* Study material
┌────────

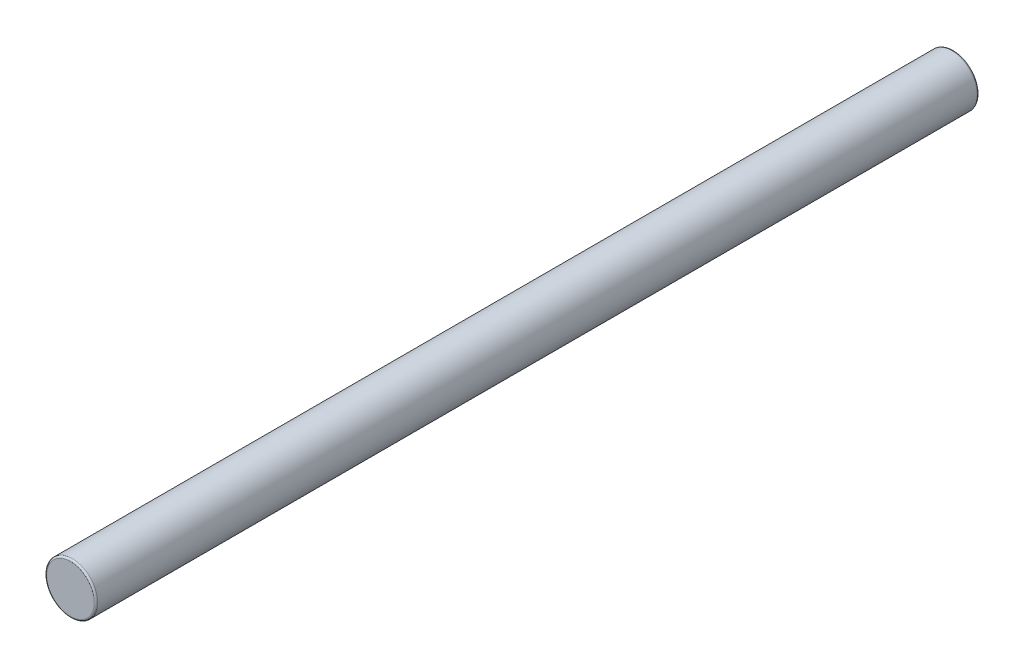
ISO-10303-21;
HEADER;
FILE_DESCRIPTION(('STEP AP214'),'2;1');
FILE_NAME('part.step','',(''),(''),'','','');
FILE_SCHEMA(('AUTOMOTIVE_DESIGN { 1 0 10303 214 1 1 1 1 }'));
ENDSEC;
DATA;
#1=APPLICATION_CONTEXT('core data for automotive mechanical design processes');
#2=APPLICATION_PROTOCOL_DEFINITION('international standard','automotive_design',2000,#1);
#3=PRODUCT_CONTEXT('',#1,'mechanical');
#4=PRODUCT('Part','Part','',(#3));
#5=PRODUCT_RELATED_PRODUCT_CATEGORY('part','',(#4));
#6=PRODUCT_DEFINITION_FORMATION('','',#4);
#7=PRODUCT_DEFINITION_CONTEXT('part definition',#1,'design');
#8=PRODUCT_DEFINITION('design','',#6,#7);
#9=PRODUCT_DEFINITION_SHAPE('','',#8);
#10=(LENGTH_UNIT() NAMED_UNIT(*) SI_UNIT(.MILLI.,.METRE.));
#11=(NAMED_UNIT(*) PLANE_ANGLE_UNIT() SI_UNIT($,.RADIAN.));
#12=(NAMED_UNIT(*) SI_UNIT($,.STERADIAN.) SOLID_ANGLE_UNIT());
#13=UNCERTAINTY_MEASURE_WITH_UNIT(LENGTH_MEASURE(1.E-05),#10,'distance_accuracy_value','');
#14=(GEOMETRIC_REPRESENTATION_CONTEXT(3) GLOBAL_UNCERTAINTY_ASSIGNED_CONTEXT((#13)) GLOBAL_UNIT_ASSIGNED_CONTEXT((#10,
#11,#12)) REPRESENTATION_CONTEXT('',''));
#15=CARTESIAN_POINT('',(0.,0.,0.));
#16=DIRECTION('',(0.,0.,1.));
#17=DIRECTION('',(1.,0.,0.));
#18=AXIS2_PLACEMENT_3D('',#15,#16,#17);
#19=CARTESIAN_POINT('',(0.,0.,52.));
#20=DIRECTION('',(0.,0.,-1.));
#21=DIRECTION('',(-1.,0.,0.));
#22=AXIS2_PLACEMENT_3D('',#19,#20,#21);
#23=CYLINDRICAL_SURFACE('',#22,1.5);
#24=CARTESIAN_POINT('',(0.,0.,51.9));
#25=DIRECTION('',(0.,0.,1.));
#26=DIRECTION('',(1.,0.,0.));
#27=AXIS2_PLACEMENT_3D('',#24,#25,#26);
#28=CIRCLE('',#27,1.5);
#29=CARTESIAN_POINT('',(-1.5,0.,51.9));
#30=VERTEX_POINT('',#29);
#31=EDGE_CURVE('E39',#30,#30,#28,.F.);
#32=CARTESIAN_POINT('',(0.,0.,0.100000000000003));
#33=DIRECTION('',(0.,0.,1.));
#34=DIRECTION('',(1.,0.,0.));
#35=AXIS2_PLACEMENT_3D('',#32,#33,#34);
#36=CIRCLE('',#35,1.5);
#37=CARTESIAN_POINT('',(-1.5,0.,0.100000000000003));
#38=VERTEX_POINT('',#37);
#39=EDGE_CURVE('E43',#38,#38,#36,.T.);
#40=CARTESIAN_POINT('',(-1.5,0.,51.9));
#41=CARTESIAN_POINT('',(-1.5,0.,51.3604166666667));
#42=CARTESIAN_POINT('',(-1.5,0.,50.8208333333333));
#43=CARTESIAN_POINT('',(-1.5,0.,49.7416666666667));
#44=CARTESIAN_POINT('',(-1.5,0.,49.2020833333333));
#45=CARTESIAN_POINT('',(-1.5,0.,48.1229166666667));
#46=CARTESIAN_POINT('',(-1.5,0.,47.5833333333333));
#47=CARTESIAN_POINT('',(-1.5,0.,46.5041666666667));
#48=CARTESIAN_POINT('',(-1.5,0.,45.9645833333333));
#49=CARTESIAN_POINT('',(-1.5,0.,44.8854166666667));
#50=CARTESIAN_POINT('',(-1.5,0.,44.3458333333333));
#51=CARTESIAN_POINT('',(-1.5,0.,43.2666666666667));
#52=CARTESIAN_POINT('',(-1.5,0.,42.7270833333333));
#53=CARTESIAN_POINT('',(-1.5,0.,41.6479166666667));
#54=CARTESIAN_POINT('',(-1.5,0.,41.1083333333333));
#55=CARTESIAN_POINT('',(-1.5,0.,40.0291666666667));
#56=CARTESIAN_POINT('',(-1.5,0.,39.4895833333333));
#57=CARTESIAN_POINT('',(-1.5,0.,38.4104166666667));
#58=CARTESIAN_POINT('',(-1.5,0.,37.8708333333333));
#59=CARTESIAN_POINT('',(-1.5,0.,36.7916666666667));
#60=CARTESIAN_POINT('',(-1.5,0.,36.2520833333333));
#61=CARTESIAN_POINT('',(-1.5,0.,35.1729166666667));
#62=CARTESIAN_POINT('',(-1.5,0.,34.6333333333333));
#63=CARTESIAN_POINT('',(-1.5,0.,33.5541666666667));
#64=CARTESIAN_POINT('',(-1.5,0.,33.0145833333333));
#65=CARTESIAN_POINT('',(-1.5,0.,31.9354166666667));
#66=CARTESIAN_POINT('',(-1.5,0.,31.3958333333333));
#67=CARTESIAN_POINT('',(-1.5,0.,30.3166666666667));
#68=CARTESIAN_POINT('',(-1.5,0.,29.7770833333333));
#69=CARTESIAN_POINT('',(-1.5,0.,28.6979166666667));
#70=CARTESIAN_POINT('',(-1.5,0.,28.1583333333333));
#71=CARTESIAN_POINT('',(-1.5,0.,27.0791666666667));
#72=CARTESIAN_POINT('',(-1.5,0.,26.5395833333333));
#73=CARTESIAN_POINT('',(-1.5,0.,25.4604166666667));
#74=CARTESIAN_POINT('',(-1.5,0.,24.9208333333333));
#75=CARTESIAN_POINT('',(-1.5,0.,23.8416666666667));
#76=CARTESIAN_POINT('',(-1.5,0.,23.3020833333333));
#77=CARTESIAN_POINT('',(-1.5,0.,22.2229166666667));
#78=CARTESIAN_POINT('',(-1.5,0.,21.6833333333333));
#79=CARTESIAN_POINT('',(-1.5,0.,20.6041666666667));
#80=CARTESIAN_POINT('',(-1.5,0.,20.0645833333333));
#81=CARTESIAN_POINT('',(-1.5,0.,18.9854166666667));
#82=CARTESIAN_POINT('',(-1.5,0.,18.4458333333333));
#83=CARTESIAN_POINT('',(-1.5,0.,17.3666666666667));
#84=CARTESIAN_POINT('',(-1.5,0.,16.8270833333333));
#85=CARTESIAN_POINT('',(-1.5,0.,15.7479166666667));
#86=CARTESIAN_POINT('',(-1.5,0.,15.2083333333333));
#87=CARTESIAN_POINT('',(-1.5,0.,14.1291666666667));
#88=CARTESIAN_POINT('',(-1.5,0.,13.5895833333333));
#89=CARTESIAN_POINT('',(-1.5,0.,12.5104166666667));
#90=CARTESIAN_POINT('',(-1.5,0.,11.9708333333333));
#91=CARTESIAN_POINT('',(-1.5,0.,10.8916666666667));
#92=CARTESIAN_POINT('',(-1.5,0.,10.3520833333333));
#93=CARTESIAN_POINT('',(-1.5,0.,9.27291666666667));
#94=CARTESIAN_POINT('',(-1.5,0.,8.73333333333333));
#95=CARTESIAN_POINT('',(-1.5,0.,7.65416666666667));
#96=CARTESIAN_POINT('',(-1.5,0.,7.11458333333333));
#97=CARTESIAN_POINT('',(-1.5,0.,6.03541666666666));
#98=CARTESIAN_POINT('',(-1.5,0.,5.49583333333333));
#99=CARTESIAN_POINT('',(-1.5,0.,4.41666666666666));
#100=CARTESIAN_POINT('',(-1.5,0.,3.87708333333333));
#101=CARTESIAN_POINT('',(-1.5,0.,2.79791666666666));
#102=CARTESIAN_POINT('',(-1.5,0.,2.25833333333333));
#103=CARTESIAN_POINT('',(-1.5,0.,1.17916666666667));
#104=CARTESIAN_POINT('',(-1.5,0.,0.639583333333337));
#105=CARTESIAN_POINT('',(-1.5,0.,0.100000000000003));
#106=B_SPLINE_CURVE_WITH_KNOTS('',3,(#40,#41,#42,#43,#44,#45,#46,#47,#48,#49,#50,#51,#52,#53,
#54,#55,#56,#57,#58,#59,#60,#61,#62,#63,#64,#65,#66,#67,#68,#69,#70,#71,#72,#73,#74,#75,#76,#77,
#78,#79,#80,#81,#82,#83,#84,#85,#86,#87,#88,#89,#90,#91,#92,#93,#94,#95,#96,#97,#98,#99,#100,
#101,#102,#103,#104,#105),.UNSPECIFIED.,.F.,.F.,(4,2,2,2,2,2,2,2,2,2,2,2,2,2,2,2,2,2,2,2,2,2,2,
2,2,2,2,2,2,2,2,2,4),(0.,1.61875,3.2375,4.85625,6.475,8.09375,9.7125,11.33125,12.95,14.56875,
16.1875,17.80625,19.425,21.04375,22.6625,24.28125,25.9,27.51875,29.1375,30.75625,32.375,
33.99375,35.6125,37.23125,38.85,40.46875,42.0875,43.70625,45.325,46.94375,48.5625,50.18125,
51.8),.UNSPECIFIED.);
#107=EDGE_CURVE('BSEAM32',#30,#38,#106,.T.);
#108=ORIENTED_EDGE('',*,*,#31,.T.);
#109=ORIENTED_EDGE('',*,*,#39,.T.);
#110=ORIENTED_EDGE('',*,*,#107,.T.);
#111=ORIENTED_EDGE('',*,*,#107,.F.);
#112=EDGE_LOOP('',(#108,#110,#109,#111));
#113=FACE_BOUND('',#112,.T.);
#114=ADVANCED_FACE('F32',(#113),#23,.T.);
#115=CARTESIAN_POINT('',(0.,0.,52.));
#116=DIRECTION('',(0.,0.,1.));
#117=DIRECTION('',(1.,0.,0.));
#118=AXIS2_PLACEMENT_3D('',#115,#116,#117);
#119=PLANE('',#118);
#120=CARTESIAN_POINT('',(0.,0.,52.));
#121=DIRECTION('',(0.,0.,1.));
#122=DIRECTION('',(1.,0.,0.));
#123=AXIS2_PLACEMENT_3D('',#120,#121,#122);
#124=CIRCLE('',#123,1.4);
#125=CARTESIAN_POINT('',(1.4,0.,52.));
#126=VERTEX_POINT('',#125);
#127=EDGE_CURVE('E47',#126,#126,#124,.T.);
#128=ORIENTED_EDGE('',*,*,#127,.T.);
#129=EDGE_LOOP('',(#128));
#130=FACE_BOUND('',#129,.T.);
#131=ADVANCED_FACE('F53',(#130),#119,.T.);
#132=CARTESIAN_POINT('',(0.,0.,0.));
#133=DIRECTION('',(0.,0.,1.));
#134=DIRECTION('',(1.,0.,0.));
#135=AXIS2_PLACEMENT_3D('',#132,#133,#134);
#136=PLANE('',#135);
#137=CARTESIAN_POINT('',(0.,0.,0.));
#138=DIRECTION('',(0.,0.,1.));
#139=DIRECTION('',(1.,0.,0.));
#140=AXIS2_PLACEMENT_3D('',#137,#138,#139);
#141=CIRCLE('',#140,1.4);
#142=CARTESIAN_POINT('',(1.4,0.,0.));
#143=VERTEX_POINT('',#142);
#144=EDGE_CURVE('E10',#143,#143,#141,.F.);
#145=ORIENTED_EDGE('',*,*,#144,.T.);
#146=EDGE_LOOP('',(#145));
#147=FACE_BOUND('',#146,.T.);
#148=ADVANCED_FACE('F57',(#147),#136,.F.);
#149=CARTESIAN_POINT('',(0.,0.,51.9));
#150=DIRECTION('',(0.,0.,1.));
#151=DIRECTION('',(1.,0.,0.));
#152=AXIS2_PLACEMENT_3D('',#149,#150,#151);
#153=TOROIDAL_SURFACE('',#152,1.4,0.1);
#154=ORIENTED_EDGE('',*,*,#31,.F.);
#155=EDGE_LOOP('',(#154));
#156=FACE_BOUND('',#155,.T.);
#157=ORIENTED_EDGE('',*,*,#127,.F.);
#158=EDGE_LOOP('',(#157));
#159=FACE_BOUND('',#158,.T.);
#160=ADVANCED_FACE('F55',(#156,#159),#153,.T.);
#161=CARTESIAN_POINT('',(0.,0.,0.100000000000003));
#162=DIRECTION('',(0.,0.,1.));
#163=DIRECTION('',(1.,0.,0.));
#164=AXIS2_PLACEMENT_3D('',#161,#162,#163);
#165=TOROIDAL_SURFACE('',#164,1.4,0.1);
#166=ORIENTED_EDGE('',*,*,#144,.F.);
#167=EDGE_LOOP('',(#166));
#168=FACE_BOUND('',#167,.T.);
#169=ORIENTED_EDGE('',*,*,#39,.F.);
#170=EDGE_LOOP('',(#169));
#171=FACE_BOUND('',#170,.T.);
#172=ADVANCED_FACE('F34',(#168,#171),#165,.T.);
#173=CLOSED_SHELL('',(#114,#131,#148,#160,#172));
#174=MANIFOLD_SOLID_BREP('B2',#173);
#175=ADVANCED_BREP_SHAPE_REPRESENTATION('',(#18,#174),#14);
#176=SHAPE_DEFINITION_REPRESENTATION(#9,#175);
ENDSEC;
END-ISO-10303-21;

└────────

* Your assignment
Look above for the line containing "#42=CARTESIAN_POINT('',(-1.5,0.,50.8208333333333));". Output from there through the line containing "#56=CARTESIAN_POINT('',(-1.5,0.,39.4895833333333));", exactly and inclusively.

* Answer space
#42=CARTESIAN_POINT('',(-1.5,0.,50.8208333333333));
#43=CARTESIAN_POINT('',(-1.5,0.,49.7416666666667));
#44=CARTESIAN_POINT('',(-1.5,0.,49.2020833333333));
#45=CARTESIAN_POINT('',(-1.5,0.,48.1229166666667));
#46=CARTESIAN_POINT('',(-1.5,0.,47.5833333333333));
#47=CARTESIAN_POINT('',(-1.5,0.,46.5041666666667));
#48=CARTESIAN_POINT('',(-1.5,0.,45.9645833333333));
#49=CARTESIAN_POINT('',(-1.5,0.,44.8854166666667));
#50=CARTESIAN_POINT('',(-1.5,0.,44.3458333333333));
#51=CARTESIAN_POINT('',(-1.5,0.,43.2666666666667));
#52=CARTESIAN_POINT('',(-1.5,0.,42.7270833333333));
#53=CARTESIAN_POINT('',(-1.5,0.,41.6479166666667));
#54=CARTESIAN_POINT('',(-1.5,0.,41.1083333333333));
#55=CARTESIAN_POINT('',(-1.5,0.,40.0291666666667));
#56=CARTESIAN_POINT('',(-1.5,0.,39.4895833333333));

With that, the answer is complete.